# Breeds/4-H



## Barefoot Pony (Dec 26, 2010)

Can anyone give me any suggestions on different breeds of goats? I want get at least one Nubian if possible, but someone told me that an Oberhasli will win more ribbons. (I plan on doing 4-H)

 Does anyone recommend any breeds for milk quality, friendliness, ability to win ribbons, and any other good qualities you can think of?


----------



## Dreaming Of Goats (Dec 26, 2010)

I show oberhaslis in 4-H, and they're so nice and friendly. I don't think any one breed will get more ribbons, it's just the quality of the goat that matters. They're very smart, and soooooooooo friendly. I definitely recommend them.


----------



## Roll farms (Dec 26, 2010)

If there are no other Obs, you'll probably win your class (you rarely see Obs in classes around here).
Nubians are usually one of the biggest classes, so it's harder to win unless you have a really superior animal.

I do adore Obs, they are super smart and loving.


----------



## Calliopia (Dec 26, 2010)

Where we are it's all Alpines.  Didn't even see ONE Nubian at the either of the county fairs.  Can't wait to see what our little doe does with being the only one


----------



## Dreaming Of Goats (Dec 27, 2010)

The oberhaslis are really popular here, more so than the alpines! They're both very large classes, though.


----------



## Barefoot Pony (Dec 27, 2010)

Are there any other breeds that would be good? (Just in case we can't find anyone who has an Oberhasli kid).


----------



## Roll farms (Dec 28, 2010)

The breed doesn't really matter....the quality of the goat does.  
ALL of the dairy breeds 'could' win.  
Try and find some breeders and go meet some goats...
See which ones YOU like, and ask about their herd health, milking ability, if they show ask to look at some udders.


----------



## Barefoot Pony (Dec 30, 2010)

Do you know any qualities or things that I should look for on the utters and the rest of the goats?


----------



## theawesomefowl (Dec 30, 2010)

All I know is udders shouldn't be saggy or have more than 2 nice looking teats.


----------



## Ariel301 (Jan 2, 2011)

Go with the breed that you are going to enjoy the most.

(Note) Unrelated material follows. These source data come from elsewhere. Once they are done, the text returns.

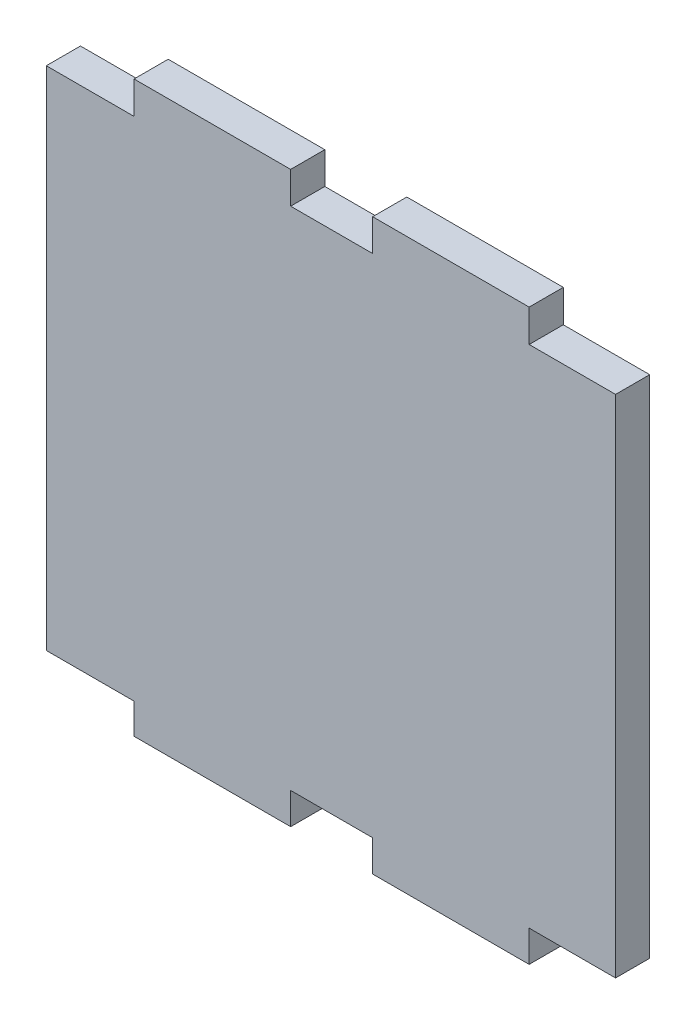
ISO-10303-21;
HEADER;
FILE_DESCRIPTION(('STEP AP214'),'2;1');
FILE_NAME('part.step','',(''),(''),'','','');
FILE_SCHEMA(('AUTOMOTIVE_DESIGN { 1 0 10303 214 1 1 1 1 }'));
ENDSEC;
DATA;
#1=APPLICATION_CONTEXT('core data for automotive mechanical design processes');
#2=APPLICATION_PROTOCOL_DEFINITION('international standard','automotive_design',2000,#1);
#3=PRODUCT_CONTEXT('',#1,'mechanical');
#4=PRODUCT('Part','Part','',(#3));
#5=PRODUCT_RELATED_PRODUCT_CATEGORY('part','',(#4));
#6=PRODUCT_DEFINITION_FORMATION('','',#4);
#7=PRODUCT_DEFINITION_CONTEXT('part definition',#1,'design');
#8=PRODUCT_DEFINITION('design','',#6,#7);
#9=PRODUCT_DEFINITION_SHAPE('','',#8);
#10=(LENGTH_UNIT() NAMED_UNIT(*) SI_UNIT(.MILLI.,.METRE.));
#11=(NAMED_UNIT(*) PLANE_ANGLE_UNIT() SI_UNIT($,.RADIAN.));
#12=(NAMED_UNIT(*) SI_UNIT($,.STERADIAN.) SOLID_ANGLE_UNIT());
#13=UNCERTAINTY_MEASURE_WITH_UNIT(LENGTH_MEASURE(1.E-05),#10,'distance_accuracy_value','');
#14=(GEOMETRIC_REPRESENTATION_CONTEXT(3) GLOBAL_UNCERTAINTY_ASSIGNED_CONTEXT((#13)) GLOBAL_UNIT_ASSIGNED_CONTEXT((#10,
#11,#12)) REPRESENTATION_CONTEXT('',''));
#15=CARTESIAN_POINT('',(0.,0.,0.));
#16=DIRECTION('',(0.,0.,1.));
#17=DIRECTION('',(1.,0.,0.));
#18=AXIS2_PLACEMENT_3D('',#15,#16,#17);
#19=CARTESIAN_POINT('',(0.,0.,12.));
#20=DIRECTION('',(0.,1.,0.));
#21=DIRECTION('',(0.,0.,1.));
#22=AXIS2_PLACEMENT_3D('',#19,#20,#21);
#23=PLANE('',#22);
#24=DIRECTION('',(0.,0.,-1.));
#25=VECTOR('',#24,1.);
#26=CARTESIAN_POINT('',(169.639995288337,0.,12.));
#27=LINE('',#26,#25);
#28=CARTESIAN_POINT('',(169.639995288337,0.,12.));
#29=VERTEX_POINT('',#28);
#30=CARTESIAN_POINT('',(169.639995288337,0.,0.));
#31=VERTEX_POINT('',#30);
#32=EDGE_CURVE('E62',#29,#31,#27,.T.);
#33=ORIENTED_EDGE('',*,*,#32,.F.);
#34=DIRECTION('',(1.,0.,0.));
#35=VECTOR('',#34,1.);
#36=CARTESIAN_POINT('',(0.,0.,12.));
#37=LINE('',#36,#35);
#38=CARTESIAN_POINT('',(114.659446896728,0.,12.));
#39=VERTEX_POINT('',#38);
#40=EDGE_CURVE('E202',#39,#29,#37,.T.);
#41=ORIENTED_EDGE('',*,*,#40,.F.);
#42=DIRECTION('',(0.,0.,-1.));
#43=VECTOR('',#42,1.);
#44=CARTESIAN_POINT('',(114.659446896728,0.,12.));
#45=LINE('',#44,#43);
#46=CARTESIAN_POINT('',(114.659446896728,0.,0.));
#47=VERTEX_POINT('',#46);
#48=EDGE_CURVE('E253',#39,#47,#45,.T.);
#49=ORIENTED_EDGE('',*,*,#48,.T.);
#50=DIRECTION('',(1.,0.,0.));
#51=VECTOR('',#50,1.);
#52=CARTESIAN_POINT('',(0.,0.,0.));
#53=LINE('',#52,#51);
#54=EDGE_CURVE('E216',#47,#31,#53,.T.);
#55=ORIENTED_EDGE('',*,*,#54,.T.);
#56=EDGE_LOOP('',(#33,#41,#49,#55));
#57=FACE_BOUND('',#56,.T.);
#58=ADVANCED_FACE('F37',(#57),#23,.F.);
#59=CARTESIAN_POINT('',(200.,0.,12.));
#60=DIRECTION('',(-1.,0.,0.));
#61=DIRECTION('',(0.,0.,1.));
#62=AXIS2_PLACEMENT_3D('',#59,#60,#61);
#63=PLANE('',#62);
#64=DIRECTION('',(0.,0.,-1.));
#65=VECTOR('',#64,1.);
#66=CARTESIAN_POINT('',(200.,11.04380164,12.));
#67=LINE('',#66,#65);
#68=CARTESIAN_POINT('',(200.,11.04380164,12.));
#69=VERTEX_POINT('',#68);
#70=CARTESIAN_POINT('',(200.,11.04380164,0.));
#71=VERTEX_POINT('',#70);
#72=EDGE_CURVE('E258',#69,#71,#67,.T.);
#73=ORIENTED_EDGE('',*,*,#72,.T.);
#74=DIRECTION('',(0.,1.,0.));
#75=VECTOR('',#74,1.);
#76=CARTESIAN_POINT('',(200.,0.,0.));
#77=LINE('',#76,#75);
#78=CARTESIAN_POINT('',(200.,188.611562278379,0.));
#79=VERTEX_POINT('',#78);
#80=EDGE_CURVE('E205',#71,#79,#77,.T.);
#81=ORIENTED_EDGE('',*,*,#80,.T.);
#82=DIRECTION('',(0.,0.,-1.));
#83=VECTOR('',#82,1.);
#84=CARTESIAN_POINT('',(200.,188.611562278379,12.));
#85=LINE('',#84,#83);
#86=CARTESIAN_POINT('',(200.,188.611562278379,12.));
#87=VERTEX_POINT('',#86);
#88=EDGE_CURVE('E230',#87,#79,#85,.T.);
#89=ORIENTED_EDGE('',*,*,#88,.F.);
#90=DIRECTION('',(0.,1.,0.));
#91=VECTOR('',#90,1.);
#92=CARTESIAN_POINT('',(200.,0.,12.));
#93=LINE('',#92,#91);
#94=EDGE_CURVE('E224',#69,#87,#93,.T.);
#95=ORIENTED_EDGE('',*,*,#94,.F.);
#96=EDGE_LOOP('',(#73,#81,#89,#95));
#97=FACE_BOUND('',#96,.T.);
#98=ADVANCED_FACE('F348',(#97),#63,.F.);
#99=CARTESIAN_POINT('',(0.,200.,12.));
#100=DIRECTION('',(0.,-1.,0.));
#101=DIRECTION('',(0.,0.,-1.));
#102=AXIS2_PLACEMENT_3D('',#99,#100,#101);
#103=PLANE('',#102);
#104=DIRECTION('',(-1.,0.,0.));
#105=VECTOR('',#104,1.);
#106=CARTESIAN_POINT('',(0.,200.,0.));
#107=LINE('',#106,#105);
#108=CARTESIAN_POINT('',(169.639995288337,200.,0.));
#109=VERTEX_POINT('',#108);
#110=CARTESIAN_POINT('',(114.659446896728,200.,0.));
#111=VERTEX_POINT('',#110);
#112=EDGE_CURVE('E191',#109,#111,#107,.T.);
#113=ORIENTED_EDGE('',*,*,#112,.T.);
#114=DIRECTION('',(0.,0.,-1.));
#115=VECTOR('',#114,1.);
#116=CARTESIAN_POINT('',(114.659446896728,200.,12.));
#117=LINE('',#116,#115);
#118=CARTESIAN_POINT('',(114.659446896728,200.,12.));
#119=VERTEX_POINT('',#118);
#120=EDGE_CURVE('E175',#119,#111,#117,.T.);
#121=ORIENTED_EDGE('',*,*,#120,.F.);
#122=DIRECTION('',(-1.,0.,0.));
#123=VECTOR('',#122,1.);
#124=CARTESIAN_POINT('',(0.,200.,12.));
#125=LINE('',#124,#123);
#126=CARTESIAN_POINT('',(169.639995288337,200.,12.));
#127=VERTEX_POINT('',#126);
#128=EDGE_CURVE('E11',#127,#119,#125,.T.);
#129=ORIENTED_EDGE('',*,*,#128,.F.);
#130=DIRECTION('',(0.,0.,-1.));
#131=VECTOR('',#130,1.);
#132=CARTESIAN_POINT('',(169.639995288337,200.,12.));
#133=LINE('',#132,#131);
#134=EDGE_CURVE('E199',#127,#109,#133,.T.);
#135=ORIENTED_EDGE('',*,*,#134,.T.);
#136=EDGE_LOOP('',(#113,#121,#129,#135));
#137=FACE_BOUND('',#136,.T.);
#138=ADVANCED_FACE('F198',(#137),#103,.F.);
#139=CARTESIAN_POINT('',(0.,0.,12.));
#140=DIRECTION('',(0.,0.,-1.));
#141=DIRECTION('',(-1.,0.,0.));
#142=AXIS2_PLACEMENT_3D('',#139,#140,#141);
#143=PLANE('',#142);
#144=DIRECTION('',(-1.,0.,0.));
#145=VECTOR('',#144,1.);
#146=CARTESIAN_POINT('',(200.,11.04380164,12.));
#147=LINE('',#146,#145);
#148=CARTESIAN_POINT('',(169.639995288337,11.04380164,12.));
#149=VERTEX_POINT('',#148);
#150=EDGE_CURVE('E245',#69,#149,#147,.T.);
#151=ORIENTED_EDGE('',*,*,#150,.F.);
#152=ORIENTED_EDGE('',*,*,#94,.T.);
#153=DIRECTION('',(-1.,0.,0.));
#154=VECTOR('',#153,1.);
#155=CARTESIAN_POINT('',(200.,188.611562278379,12.));
#156=LINE('',#155,#154);
#157=CARTESIAN_POINT('',(169.639995288337,188.611562278379,12.));
#158=VERTEX_POINT('',#157);
#159=EDGE_CURVE('E238',#87,#158,#156,.T.);
#160=ORIENTED_EDGE('',*,*,#159,.T.);
#161=DIRECTION('',(0.,1.,0.));
#162=VECTOR('',#161,1.);
#163=CARTESIAN_POINT('',(169.639995288337,188.611562278379,12.));
#164=LINE('',#163,#162);
#165=EDGE_CURVE('E233',#158,#127,#164,.T.);
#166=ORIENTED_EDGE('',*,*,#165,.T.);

Don't pick one just because you think it will win more ribbons. A prize winning goat isn't all that wonderful if you can't stand its personality at home. 

The major dairy breeds are Nubians, Alpine, Oberhasli, LaMancha, Saanen, Toggenburg, and Nigerian Dwarf. Research them and see what you like, and what is available and within your price range. Conformation and production ability will mean a lot more in the show ring than breed, so pay close attention to that. 

For a milking doe, you want a well built, capacious udder. There should be two teats with one functioning orifice apiece. The teats should be long enough to be easy to milk by hand, but not so long that they are saggy. There shouldn't be any bumps or spurs on the teats, or hard lumps in the udder. The teats should be placed so that they do not point outward too much, they should hang straight down. When viewed from the side with a full udder, you want to see it split in thirds--one third in front of the legs, one third hidden behind, and one third behind the legs. The rear attachment of the udder should be high and tight, there should be plenty of width between the rear legs, a good medial dividing the two halves of the udder, and a strong fore attachment. The doe should be long in the body, have plenty of capacity through the body to easily carry kids during pregnancy and still have room for a healthy big rumen, she should be wide through the hips to have easy births. She should have a long, slender neck, loose skin, and a head that fits her breed character. She should have a flat topline (not a saggy sway back or a humped up one) and should stand "uphill" with her front half a bit taller than her rear. She should have smooth shoulders and stand straight on all four feet, no bent over knees, feet that toe in or out, or hocks that point in or out. When viewed from the side, the hocks should have a nice angle to them, you don't want to see a doe with hind legs that are really straight like posts. She needs a nice temperament too, you're going to have a hard time showing one that is stubborn and refuses to lead or that kicks the judge when he tries to examine her.


----------



## TheSheepGirl (Feb 22, 2011)

Everything here is Meat Goats. All of them Boar goats and all of them market and auction projects. There was only one dairy goat last year and he was a ND weather. 

We love our La Manchas. They are tame and calm and good milkers. I love our Bridget!


----------